[Extracted data entries]
§
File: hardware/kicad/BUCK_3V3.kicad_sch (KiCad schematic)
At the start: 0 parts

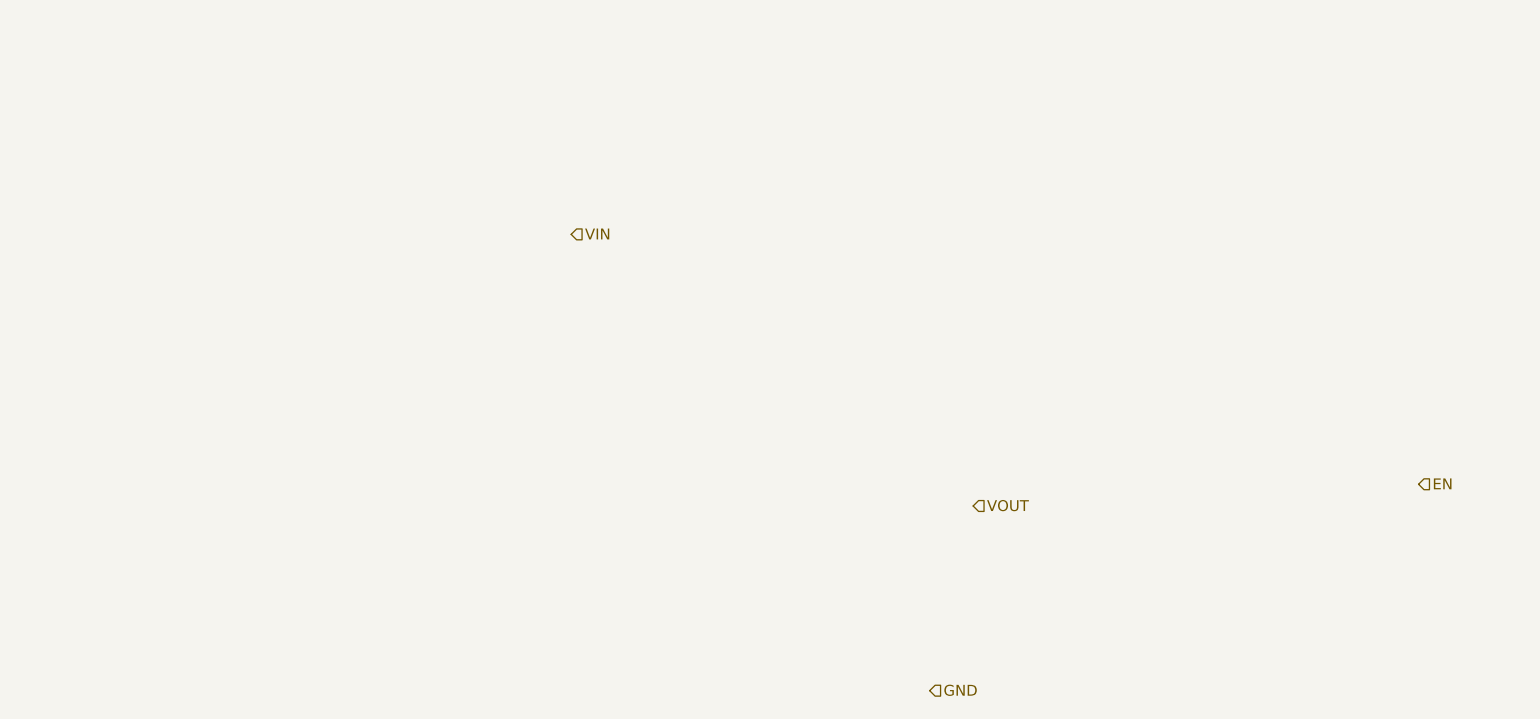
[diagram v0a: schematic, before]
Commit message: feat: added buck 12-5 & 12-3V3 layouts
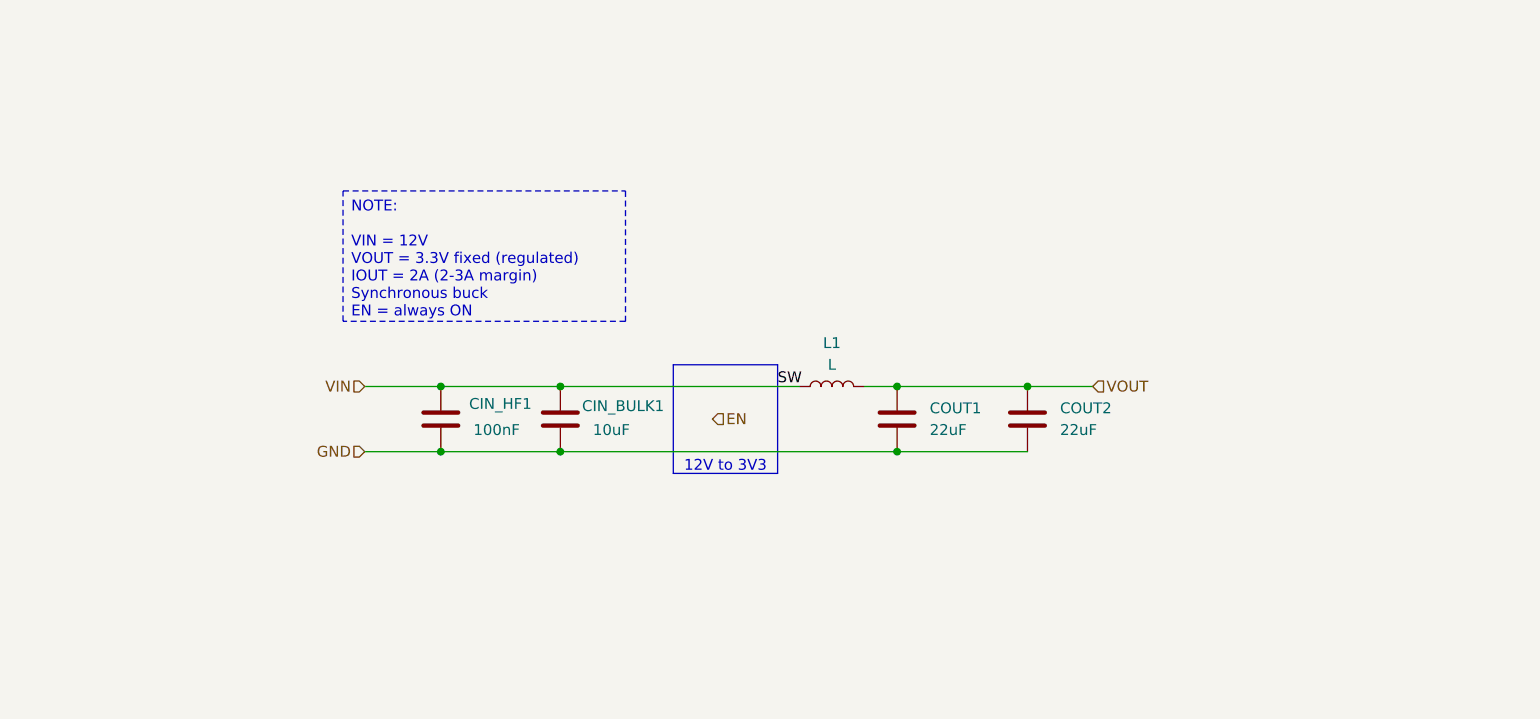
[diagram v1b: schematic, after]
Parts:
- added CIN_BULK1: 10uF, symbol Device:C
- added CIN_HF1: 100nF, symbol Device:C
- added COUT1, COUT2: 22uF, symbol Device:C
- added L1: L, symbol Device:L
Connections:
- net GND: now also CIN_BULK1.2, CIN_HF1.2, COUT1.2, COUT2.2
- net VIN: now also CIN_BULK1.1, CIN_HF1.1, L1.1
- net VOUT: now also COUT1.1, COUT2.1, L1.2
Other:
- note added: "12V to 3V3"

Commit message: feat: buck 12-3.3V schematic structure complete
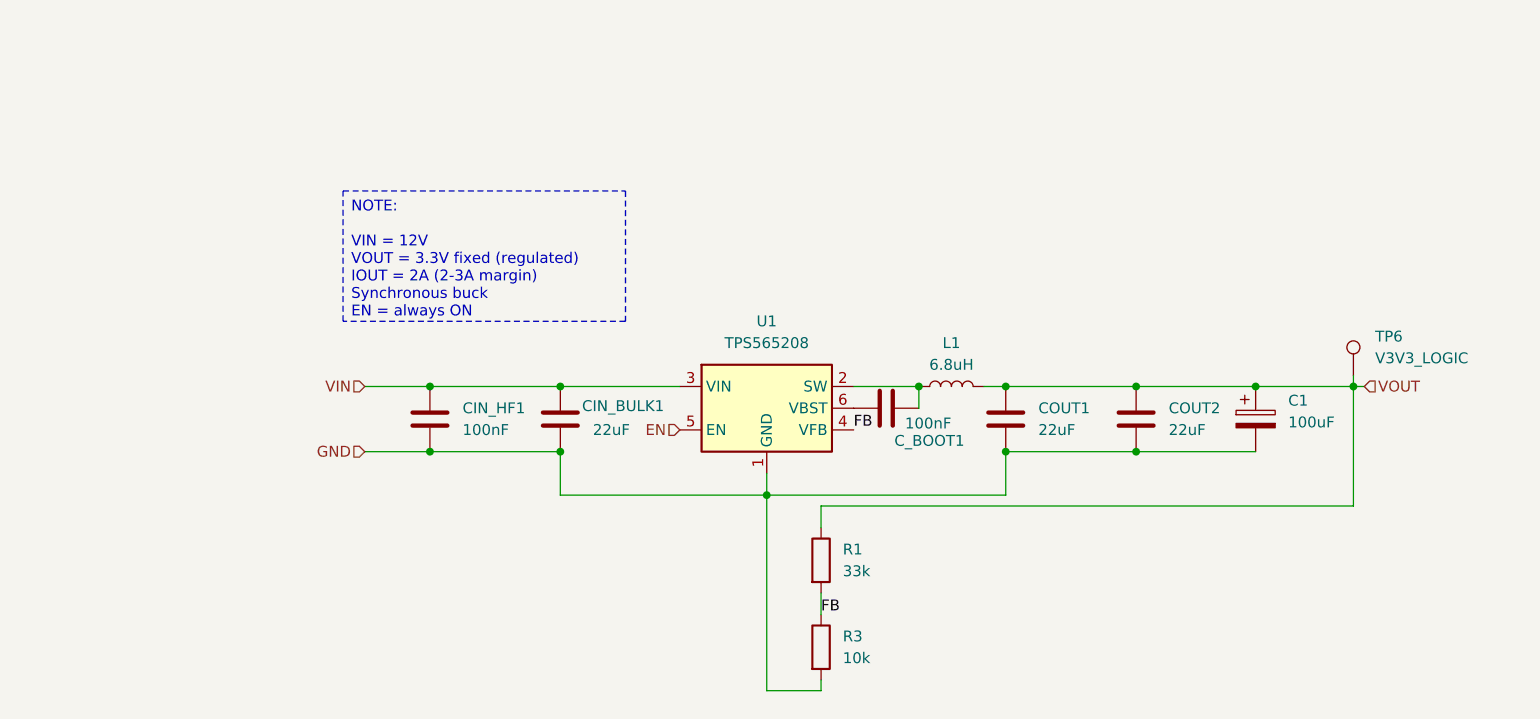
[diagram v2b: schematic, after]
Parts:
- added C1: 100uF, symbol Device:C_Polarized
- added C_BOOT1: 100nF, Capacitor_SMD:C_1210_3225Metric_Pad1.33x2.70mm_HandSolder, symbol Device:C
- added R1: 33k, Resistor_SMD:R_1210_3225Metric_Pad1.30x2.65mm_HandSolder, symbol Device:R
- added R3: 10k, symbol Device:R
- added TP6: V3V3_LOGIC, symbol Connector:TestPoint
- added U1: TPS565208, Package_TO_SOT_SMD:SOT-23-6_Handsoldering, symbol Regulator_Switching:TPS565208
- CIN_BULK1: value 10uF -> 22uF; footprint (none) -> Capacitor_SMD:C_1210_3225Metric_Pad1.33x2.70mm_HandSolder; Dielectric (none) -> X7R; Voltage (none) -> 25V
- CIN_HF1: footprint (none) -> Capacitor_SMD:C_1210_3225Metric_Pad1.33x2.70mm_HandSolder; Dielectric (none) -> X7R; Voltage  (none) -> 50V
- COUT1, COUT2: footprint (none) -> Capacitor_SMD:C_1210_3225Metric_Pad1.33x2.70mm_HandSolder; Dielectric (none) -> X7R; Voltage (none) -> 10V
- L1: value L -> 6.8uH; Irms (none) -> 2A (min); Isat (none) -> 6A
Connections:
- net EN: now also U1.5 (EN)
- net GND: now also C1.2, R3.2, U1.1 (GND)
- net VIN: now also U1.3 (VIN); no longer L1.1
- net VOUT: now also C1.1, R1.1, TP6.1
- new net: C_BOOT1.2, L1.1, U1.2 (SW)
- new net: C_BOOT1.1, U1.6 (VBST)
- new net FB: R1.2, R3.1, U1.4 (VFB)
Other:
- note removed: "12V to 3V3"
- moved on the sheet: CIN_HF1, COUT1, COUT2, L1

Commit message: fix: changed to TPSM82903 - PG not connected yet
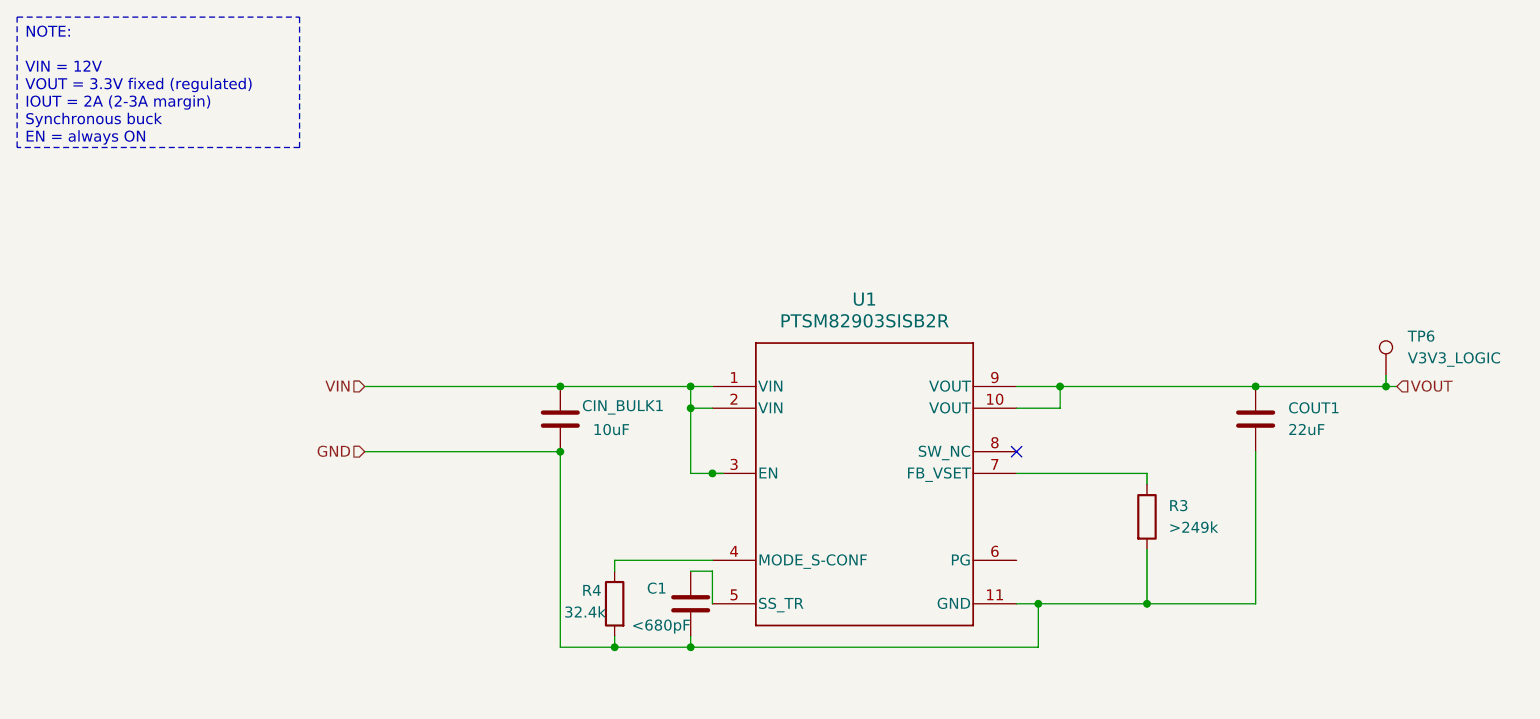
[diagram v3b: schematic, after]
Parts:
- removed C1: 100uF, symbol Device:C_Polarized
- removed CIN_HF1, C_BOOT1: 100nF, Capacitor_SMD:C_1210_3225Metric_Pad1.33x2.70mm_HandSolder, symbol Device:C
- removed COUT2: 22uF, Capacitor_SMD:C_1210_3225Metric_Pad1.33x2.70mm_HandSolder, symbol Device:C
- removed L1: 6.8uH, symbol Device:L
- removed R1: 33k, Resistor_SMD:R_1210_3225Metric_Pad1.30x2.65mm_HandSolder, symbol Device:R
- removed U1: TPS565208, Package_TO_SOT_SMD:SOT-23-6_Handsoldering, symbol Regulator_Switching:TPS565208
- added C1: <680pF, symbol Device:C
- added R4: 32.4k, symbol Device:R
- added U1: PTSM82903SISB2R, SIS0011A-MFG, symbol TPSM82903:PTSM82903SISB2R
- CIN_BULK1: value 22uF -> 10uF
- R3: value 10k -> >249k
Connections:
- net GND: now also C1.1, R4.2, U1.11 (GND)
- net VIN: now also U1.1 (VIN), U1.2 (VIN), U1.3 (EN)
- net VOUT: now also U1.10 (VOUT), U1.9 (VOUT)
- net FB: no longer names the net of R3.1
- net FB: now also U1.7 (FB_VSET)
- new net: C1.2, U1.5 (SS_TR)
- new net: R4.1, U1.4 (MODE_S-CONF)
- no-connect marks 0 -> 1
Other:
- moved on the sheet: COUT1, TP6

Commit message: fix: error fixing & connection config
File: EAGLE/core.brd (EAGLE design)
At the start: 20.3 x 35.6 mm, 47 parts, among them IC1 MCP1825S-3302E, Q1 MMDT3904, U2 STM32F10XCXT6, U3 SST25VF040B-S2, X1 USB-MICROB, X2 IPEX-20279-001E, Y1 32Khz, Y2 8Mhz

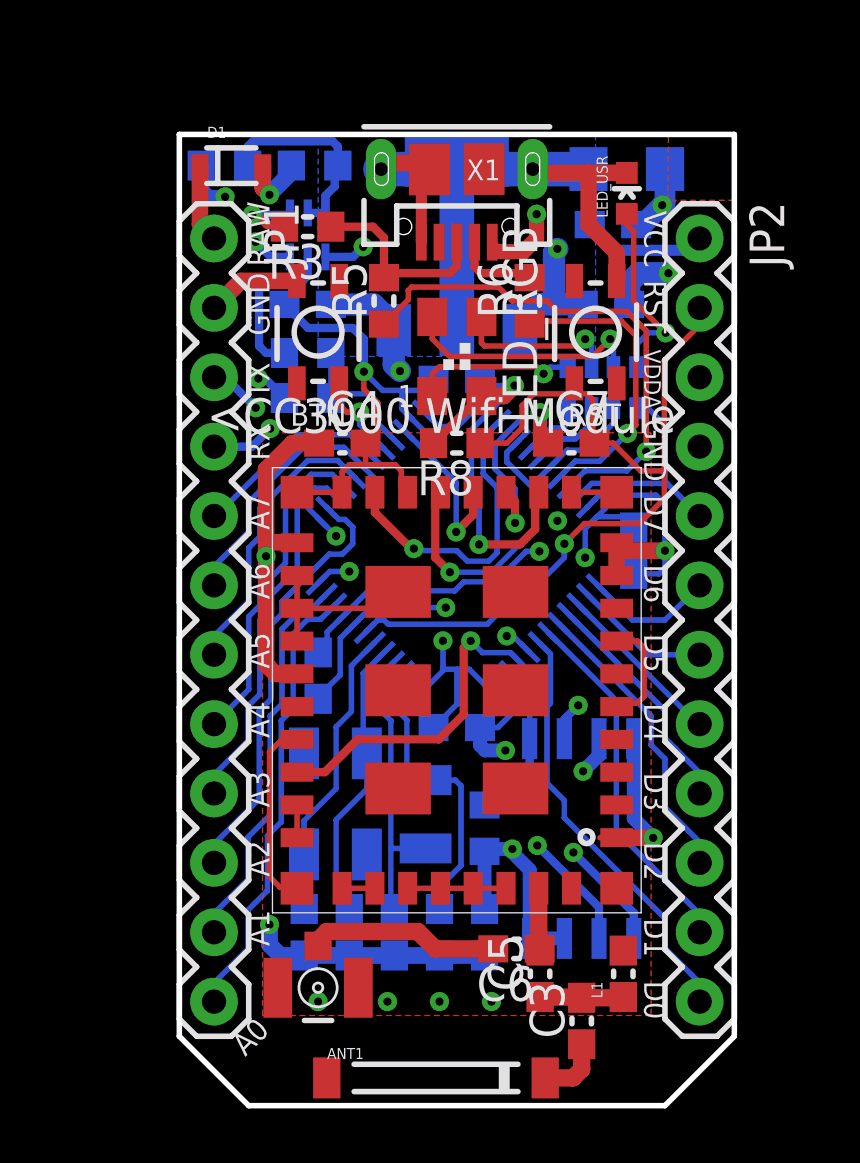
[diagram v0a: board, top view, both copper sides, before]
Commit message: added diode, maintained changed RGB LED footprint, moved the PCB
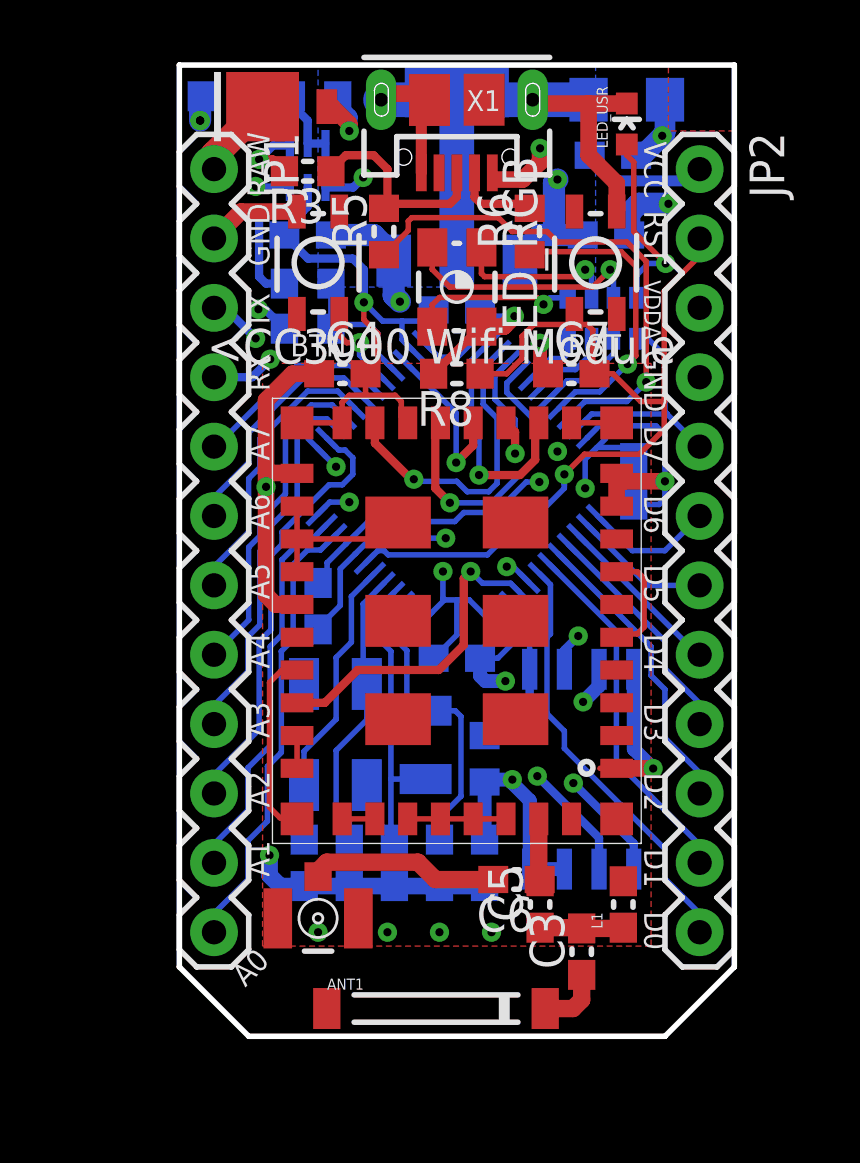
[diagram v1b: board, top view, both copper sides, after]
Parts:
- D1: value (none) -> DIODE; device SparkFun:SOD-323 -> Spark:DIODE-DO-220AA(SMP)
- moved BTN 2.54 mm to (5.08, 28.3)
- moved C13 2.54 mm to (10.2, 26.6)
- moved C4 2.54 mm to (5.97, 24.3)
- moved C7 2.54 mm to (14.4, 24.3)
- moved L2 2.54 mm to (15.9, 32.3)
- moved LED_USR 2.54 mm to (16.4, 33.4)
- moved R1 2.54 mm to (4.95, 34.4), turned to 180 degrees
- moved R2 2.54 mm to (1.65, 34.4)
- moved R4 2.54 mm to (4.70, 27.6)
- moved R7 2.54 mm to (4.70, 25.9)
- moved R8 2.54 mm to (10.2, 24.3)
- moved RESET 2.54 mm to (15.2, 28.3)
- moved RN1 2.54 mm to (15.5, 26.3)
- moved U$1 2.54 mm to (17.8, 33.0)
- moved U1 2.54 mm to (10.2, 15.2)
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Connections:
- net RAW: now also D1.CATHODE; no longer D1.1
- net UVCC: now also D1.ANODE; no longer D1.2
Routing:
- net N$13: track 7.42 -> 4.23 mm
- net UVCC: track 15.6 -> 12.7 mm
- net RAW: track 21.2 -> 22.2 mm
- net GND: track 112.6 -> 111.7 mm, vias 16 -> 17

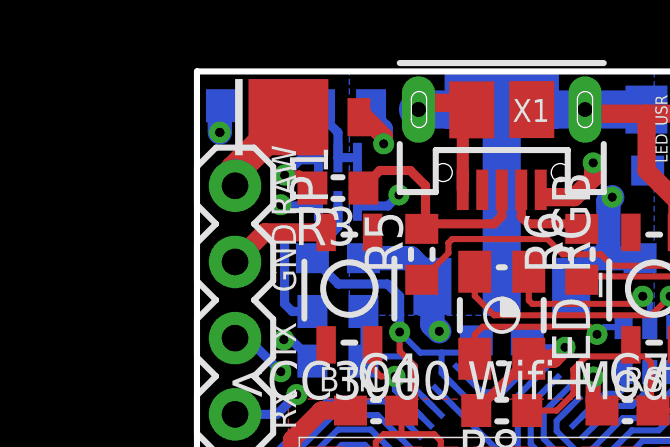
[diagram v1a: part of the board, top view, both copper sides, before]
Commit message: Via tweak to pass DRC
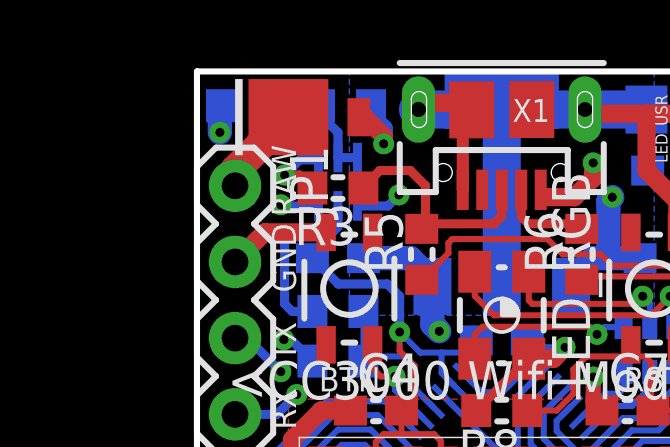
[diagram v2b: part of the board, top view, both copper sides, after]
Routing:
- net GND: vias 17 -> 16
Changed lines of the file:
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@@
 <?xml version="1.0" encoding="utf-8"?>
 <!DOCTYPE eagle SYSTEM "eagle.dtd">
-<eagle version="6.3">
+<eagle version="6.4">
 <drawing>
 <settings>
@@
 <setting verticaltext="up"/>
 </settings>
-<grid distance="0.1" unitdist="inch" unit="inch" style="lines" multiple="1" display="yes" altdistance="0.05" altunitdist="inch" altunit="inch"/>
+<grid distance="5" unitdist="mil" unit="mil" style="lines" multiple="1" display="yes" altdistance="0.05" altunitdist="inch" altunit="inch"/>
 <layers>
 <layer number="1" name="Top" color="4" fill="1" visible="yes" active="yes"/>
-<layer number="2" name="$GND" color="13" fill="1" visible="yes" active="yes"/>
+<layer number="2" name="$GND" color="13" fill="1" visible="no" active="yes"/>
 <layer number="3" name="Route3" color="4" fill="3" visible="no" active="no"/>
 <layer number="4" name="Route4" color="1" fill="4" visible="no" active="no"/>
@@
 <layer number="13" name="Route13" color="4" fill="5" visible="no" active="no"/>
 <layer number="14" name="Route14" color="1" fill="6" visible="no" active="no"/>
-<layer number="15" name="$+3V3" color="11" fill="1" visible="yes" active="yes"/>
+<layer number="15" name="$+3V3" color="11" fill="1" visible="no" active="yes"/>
§
> [Description of the task]: Give again, word for word, only the lines that run from the top of the data above through the line with "[diagram v3b: schematic, after]". Drop the pictures.

> [Answer space]:
File: hardware/kicad/BUCK_3V3.kicad_sch (KiCad schematic)
At the start: 0 parts

[diagram v0a: schematic, before]
Commit message: feat: added buck 12-5 & 12-3V3 layouts
[diagram v1b: schematic, after]
Parts:
- added CIN_BULK1: 10uF, symbol Device:C
- added CIN_HF1: 100nF, symbol Device:C
- added COUT1, COUT2: 22uF, symbol Device:C
- added L1: L, symbol Device:L
Connections:
- net GND: now also CIN_BULK1.2, CIN_HF1.2, COUT1.2, COUT2.2
- net VIN: now also CIN_BULK1.1, CIN_HF1.1, L1.1
- net VOUT: now also COUT1.1, COUT2.1, L1.2
Other:
- note added: "12V to 3V3"

Commit message: feat: buck 12-3.3V schematic structure complete
[diagram v2b: schematic, after]
Parts:
- added C1: 100uF, symbol Device:C_Polarized
- added C_BOOT1: 100nF, Capacitor_SMD:C_1210_3225Metric_Pad1.33x2.70mm_HandSolder, symbol Device:C
- added R1: 33k, Resistor_SMD:R_1210_3225Metric_Pad1.30x2.65mm_HandSolder, symbol Device:R
- added R3: 10k, symbol Device:R
- added TP6: V3V3_LOGIC, symbol Connector:TestPoint
- added U1: TPS565208, Package_TO_SOT_SMD:SOT-23-6_Handsoldering, symbol Regulator_Switching:TPS565208
- CIN_BULK1: value 10uF -> 22uF; footprint (none) -> Capacitor_SMD:C_1210_3225Metric_Pad1.33x2.70mm_HandSolder; Dielectric (none) -> X7R; Voltage (none) -> 25V
- CIN_HF1: footprint (none) -> Capacitor_SMD:C_1210_3225Metric_Pad1.33x2.70mm_HandSolder; Dielectric (none) -> X7R; Voltage  (none) -> 50V
- COUT1, COUT2: footprint (none) -> Capacitor_SMD:C_1210_3225Metric_Pad1.33x2.70mm_HandSolder; Dielectric (none) -> X7R; Voltage (none) -> 10V
- L1: value L -> 6.8uH; Irms (none) -> 2A (min); Isat (none) -> 6A
Connections:
- net EN: now also U1.5 (EN)
- net GND: now also C1.2, R3.2, U1.1 (GND)
- net VIN: now also U1.3 (VIN); no longer L1.1
- net VOUT: now also C1.1, R1.1, TP6.1
- new net: C_BOOT1.2, L1.1, U1.2 (SW)
- new net: C_BOOT1.1, U1.6 (VBST)
- new net FB: R1.2, R3.1, U1.4 (VFB)
Other:
- note removed: "12V to 3V3"
- moved on the sheet: CIN_HF1, COUT1, COUT2, L1

Commit message: fix: changed to TPSM82903 - PG not connected yet
[diagram v3b: schematic, after]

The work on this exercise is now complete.